Hi Folks, I just saw on Tower Hobbies website that they will be getting in the U.S.S. Reliant and a picture is coming soon. If that is true it will be awesome, I loved the intial release of the Reliant from Ertl but I can imagine how much better it will look after Round 2 improves it! It a nice sized model too, Guy Schlicter.


----------



## Opus Penguin (Apr 19, 2004)

There is nothing on the RC2 site. They do mention they would like to do the Reliant but nothing official. However, I would guess they will only re-release the original Reliant model then a better, re-tooled one.


----------



## Fozzie (May 25, 2009)

You can pre-order it at CultTVMan.


----------



## Model Man (Oct 1, 2007)

The original reliant litters ebay for less than R2 can charge for it new. A poor excuse for a model then, it ain't worth the cardboard it was packaged in. I hope they're not wasting their time w/ this one.


----------



## Trek Ace (Jul 8, 2001)

Ditto.


----------



## Model Man (Oct 1, 2007)

http://www.culttvmanshop.com/USS-Reliant-reissue-from-AMTRound-2-PREORDER-RESERVATION_p_1212.html

Let's hope they fixed it and aren't telling anyone until the last second.


----------



## JediPuju (Oct 12, 2009)

was it really that bad tom? - mines still in the box always wanted to build it Ive seen some nice builds of it Though.
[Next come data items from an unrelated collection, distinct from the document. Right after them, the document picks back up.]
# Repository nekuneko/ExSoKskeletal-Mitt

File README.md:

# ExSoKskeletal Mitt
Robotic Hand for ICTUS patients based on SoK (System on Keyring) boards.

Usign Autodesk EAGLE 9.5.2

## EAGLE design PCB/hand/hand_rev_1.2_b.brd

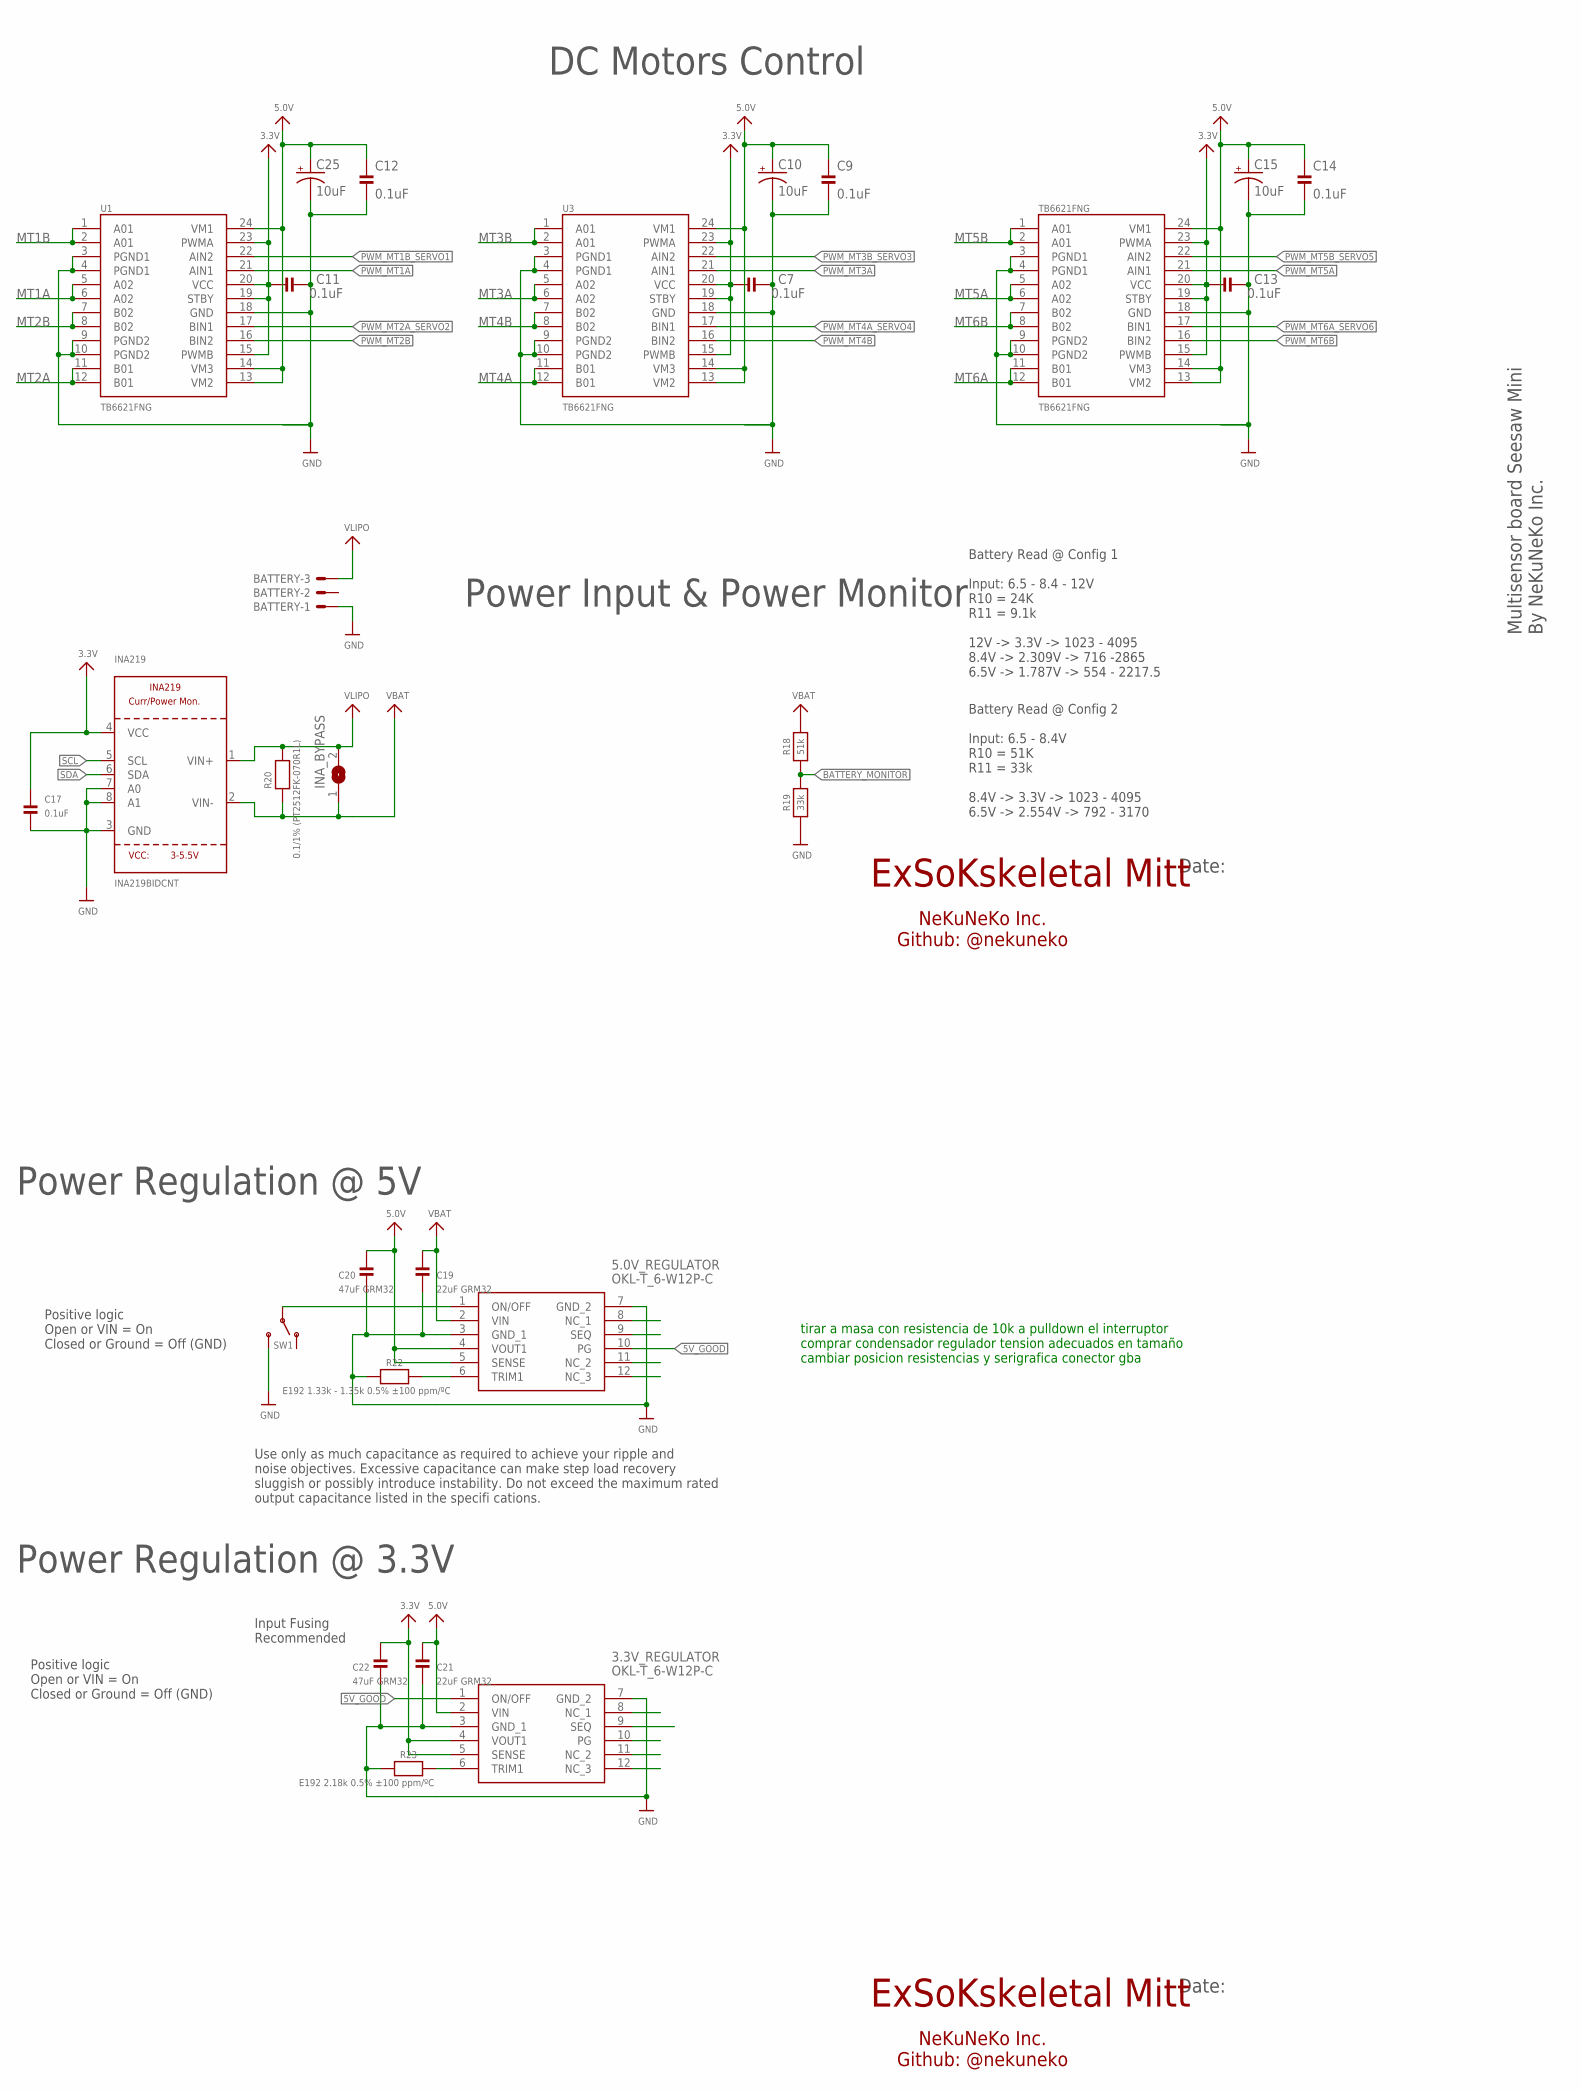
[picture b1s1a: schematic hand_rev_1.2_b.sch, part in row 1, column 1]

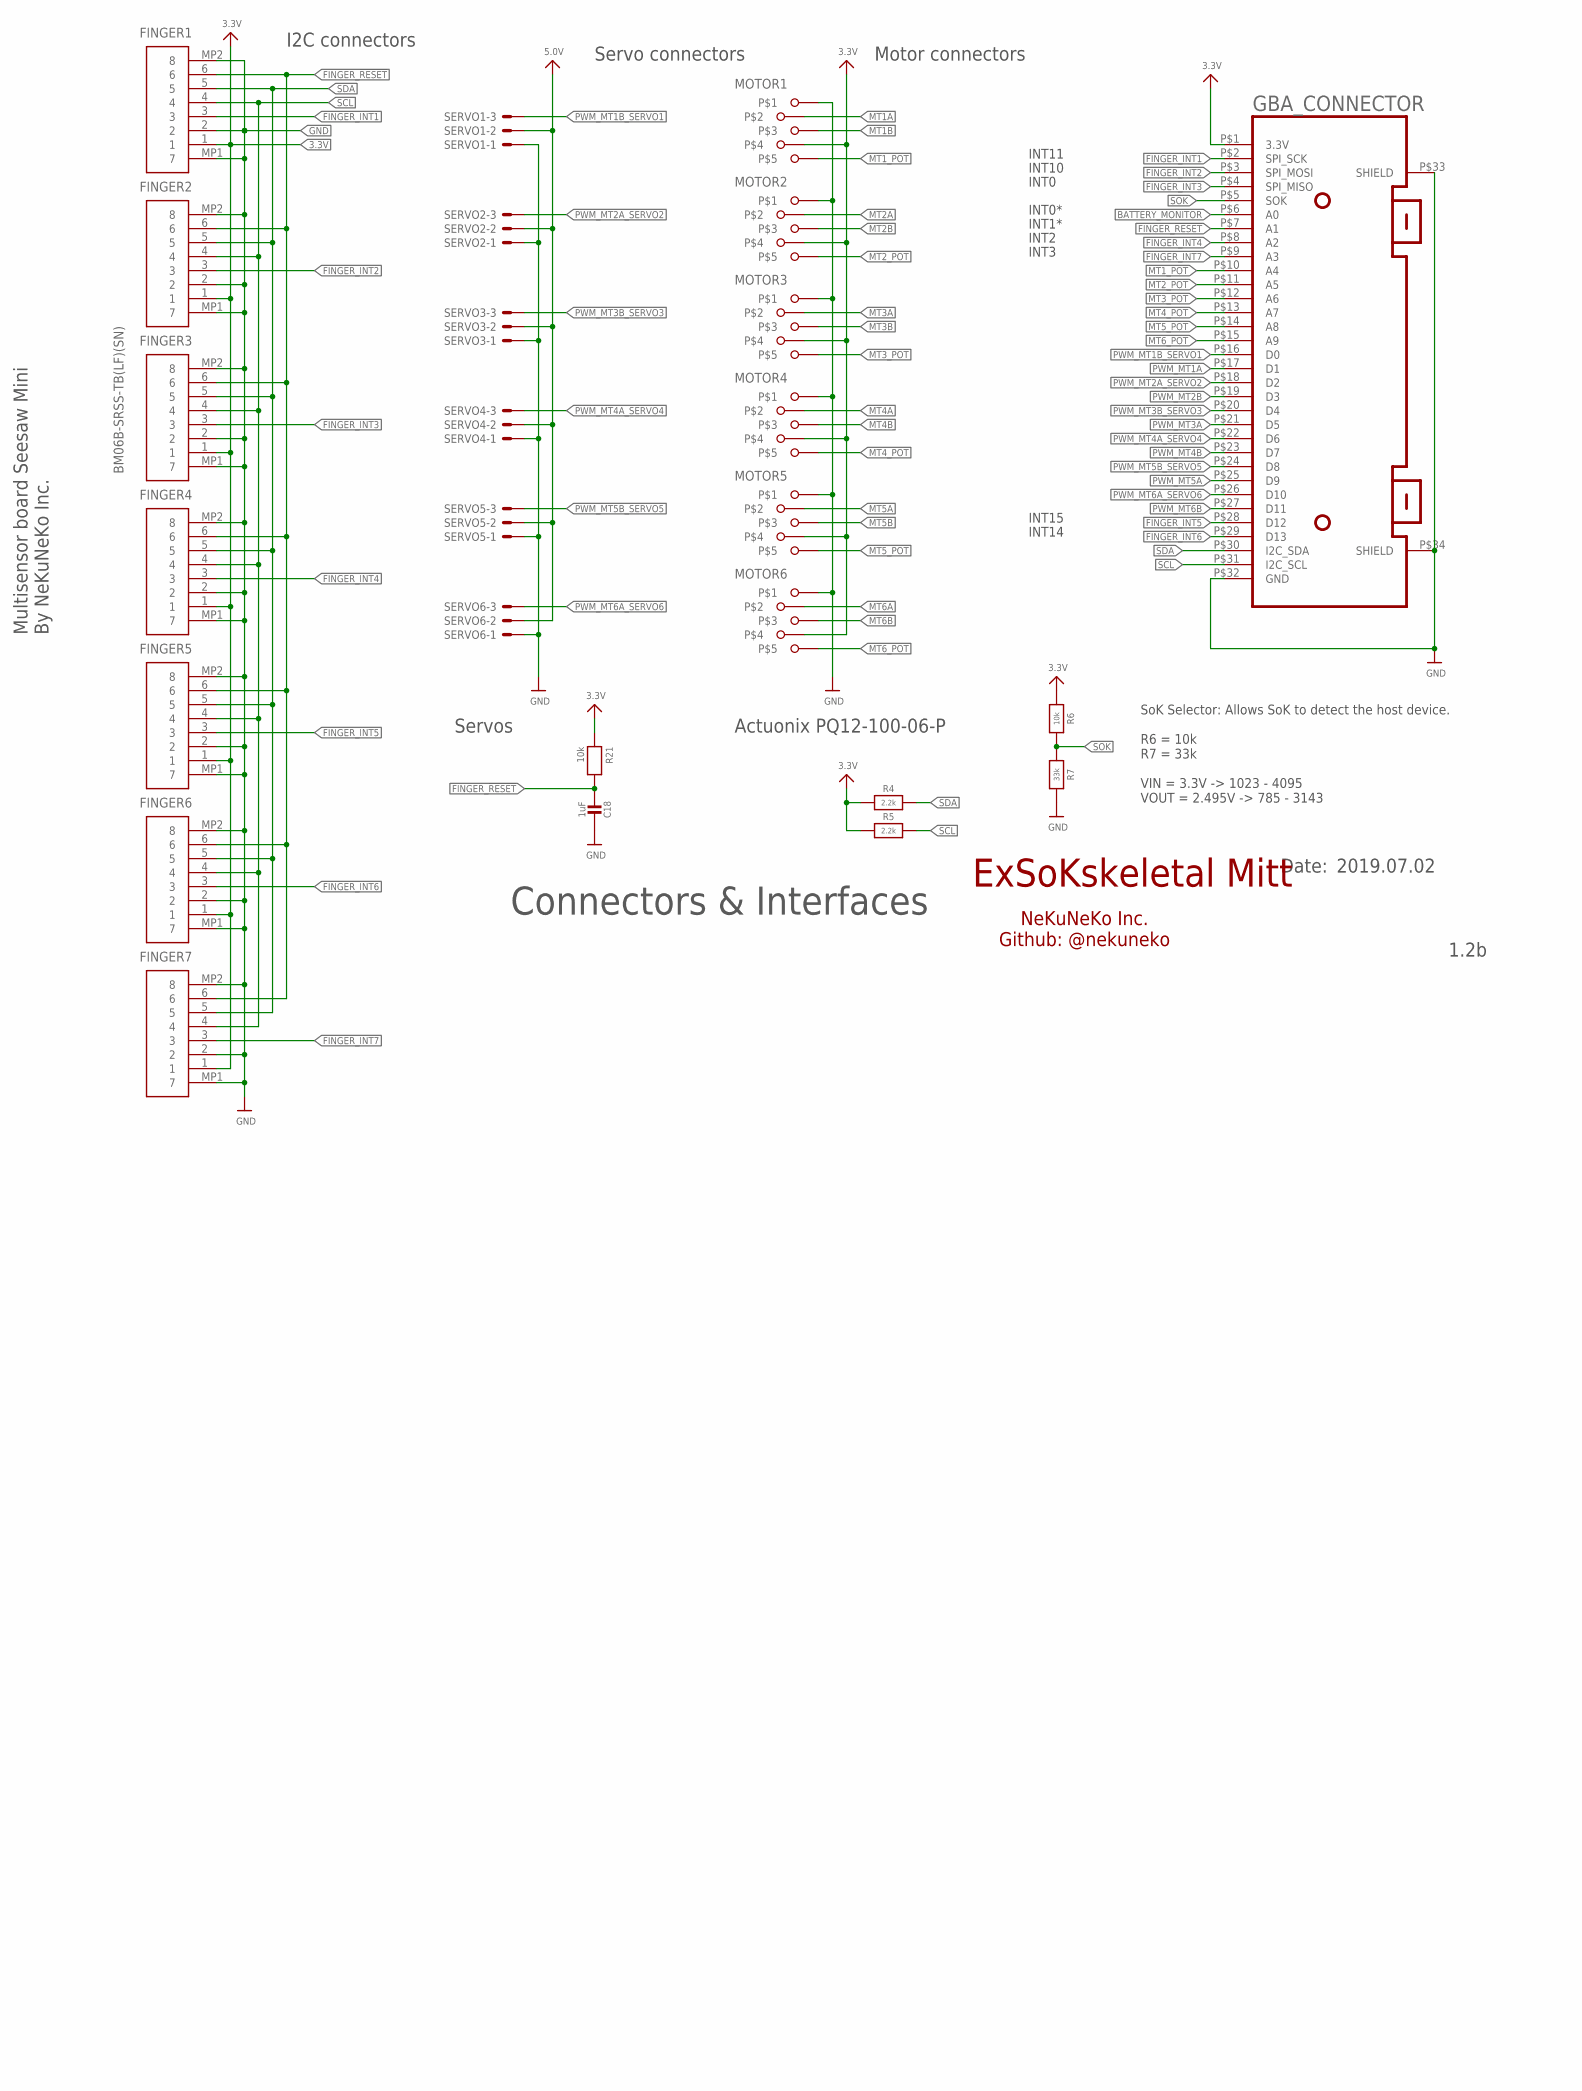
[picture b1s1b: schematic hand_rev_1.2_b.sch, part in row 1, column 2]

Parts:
3.3V_REGULATOR, 5.0V_REGULATOR: OKL-T_6-W12P-C; OKL-T3-W12
BATTERY: JST-XH-03-PIN-LONG-PAD; JST-XH-03-PACKAGE-LONG-PAD
C7, C9, C11, C12, C13, C14, C17: 0.1uF; _0603
C10, C15, C25: 10uF; 0603-POLAR; MPN F981A106MMA
C18: 1uF; MICROBUILDER__0603
C19, C21: 22uF GRM32; 1206
C20, C22: 47uF GRM32; 1206
FINGER1, FINGER2, FINGER3, FINGER4, FINGER5, FINGER6, FINGER7: BM06B-SRSS-TB(LF)(SN); BM06BSRSSTBLFSN
GBA_CONNECTOR: GBA_CARTRIDGEGBA_CARTRIDGE2; GBA_CARTRIDGE2
INA219: INA219BIDCNT; SOT23-8
INA_BYPASS: SOLDERJUMPERREFLOW_NOPASTE; SOLDERJUMPER_REFLOW_NOPASTE
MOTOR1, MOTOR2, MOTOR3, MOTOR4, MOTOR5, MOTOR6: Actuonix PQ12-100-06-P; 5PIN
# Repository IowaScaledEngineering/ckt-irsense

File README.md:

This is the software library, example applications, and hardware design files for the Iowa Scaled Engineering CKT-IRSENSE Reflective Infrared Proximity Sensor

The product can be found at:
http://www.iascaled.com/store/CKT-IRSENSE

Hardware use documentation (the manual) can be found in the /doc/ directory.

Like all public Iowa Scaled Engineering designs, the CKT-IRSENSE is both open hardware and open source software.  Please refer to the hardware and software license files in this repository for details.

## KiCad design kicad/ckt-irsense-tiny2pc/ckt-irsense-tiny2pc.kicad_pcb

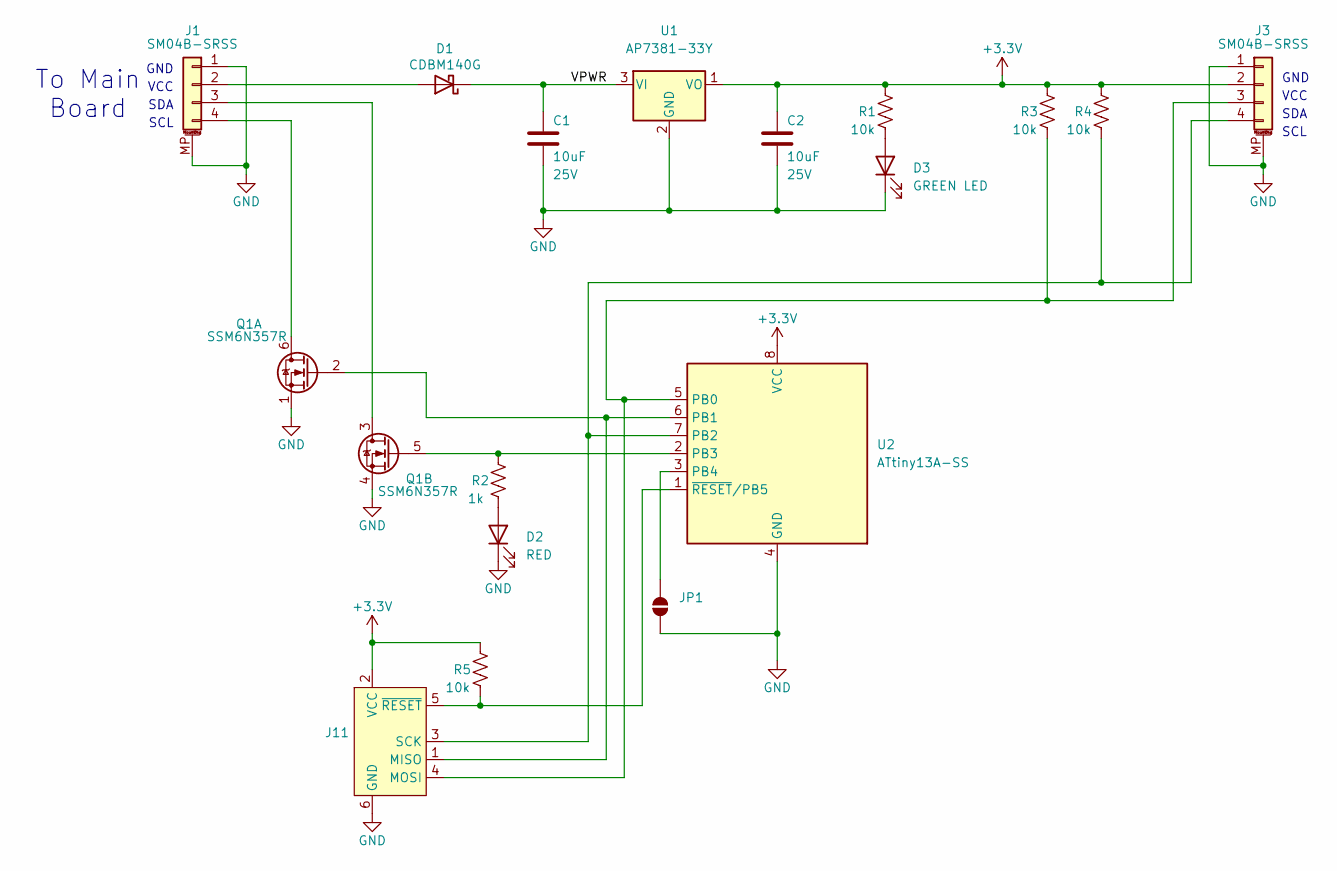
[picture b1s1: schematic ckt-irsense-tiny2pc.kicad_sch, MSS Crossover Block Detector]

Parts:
C1, C2: 10uF; C_0805_2012Metric; Voltage 25V
D1: CDBM140G; SOD-123T
D2: RED; LED_0805_2012Metric
D3: GREEN LED; LED_0805_2012Metric
J1, J3: SM04B-SRSS; JST_SH_SM04B-SRSS-TB_1x04-1MP_P1.00mm_Horizontal
J11: Conn_AVR_TagConnect_TC2030; Tag-Connect_TC2030-IDC-NL_2x03_P1.27mm_Vertical
JP1: SolderJumper_2_Open; SolderJumper-2_P1.3mm_Open_RoundedPad1.0x1.5mm
Q1: SSM6N357R; TSOP6F
R1, R3, R4, R5: 10k; R_0805_2012Metric
R2: 1k; R_0805_2012Metric
U1: AP7381-33Y; SOT-89-3
U2: ATtiny13A-SS; ATMEL_SO8_DUAL

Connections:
+3.3V: C2.1, J3.2, J11.2 (VCC), R1.2, R3.2, R4.2, R5.2, U1.1 (VO), U2.8 (VCC)
/VPWR: C1.1, D1.1 (K), U1.3 (VI)
GND: C1.2, C2.2, D2.1 (K), D3.1 (K), J1.1, J1.MP (MountPin), J3.1, J3.MP (MountPin), J11.6 (GND), JP1.1 (A), Q1.1 (S), Q1.4 (S), U1.2 (GND), U2.4 (GND)
unnamed: D1.2 (A), J1.2
unnamed: D2.2 (A), R2.1
unnamed: D3.2 (A), R1.1
unnamed: J1.3, Q1.3 (D)
unnamed: J1.4, Q1.6 (D)
unnamed: J11.1 (MISO), Q1.2 (G), U2.6 (PB1)
unnamed: J3.3, J11.4 (MOSI), R3.1, U2.5 (PB0)
unnamed: J3.4, J11.3 (SCK), R4.1, U2.7 (PB2)
unnamed: J11.5 (~RESET), R5.1, U2.1 (~RESET/PB5)
unnamed: JP1.2 (B), U2.3 (PB4)
unnamed: Q1.5 (G), R2.2, U2.2 (PB3)

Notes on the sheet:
GND
VCC
SCL
SDA
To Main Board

I'd like R2 to make a 1/1000 reliant to go with thier E.


----------



## John P (Sep 1, 1999)

Oh, it was terrible. The saucer is 1/8" too thin, the sides are stair-stepped rater than smooth-slanted, the windows are mere halfassed suggestions of windows, the engine pylons and rollbars are too thin with no edge-vent detail, the decals are inaccurate... The only thing it has going for it is that it doesn't have engraved aztecking.

All that said, I have about ten of them stockpiled for kitbashing, which I got on sale for $10 each. The only way I'd buy a new one is if R2 _seriously _uimproved all those faults.


----------



## spock62 (Aug 13, 2003)

According to this description, found on myatomic.com (they sell all things hobby at good prices), it seems like Round2 has given the kit a once over:

== Key Features ==

* Adjusted tooling - removed saucer ridges, thicker saucer, heightened bridge dome
* Dome style base
* Marking Decals included

== Overview ==

The “enemy” ship from the fan-favorite film, Star Trek II: The Wrath of Kahn returns new and improved. Many inaccuracies have been addressed with this release to appeal to modelers both old and new.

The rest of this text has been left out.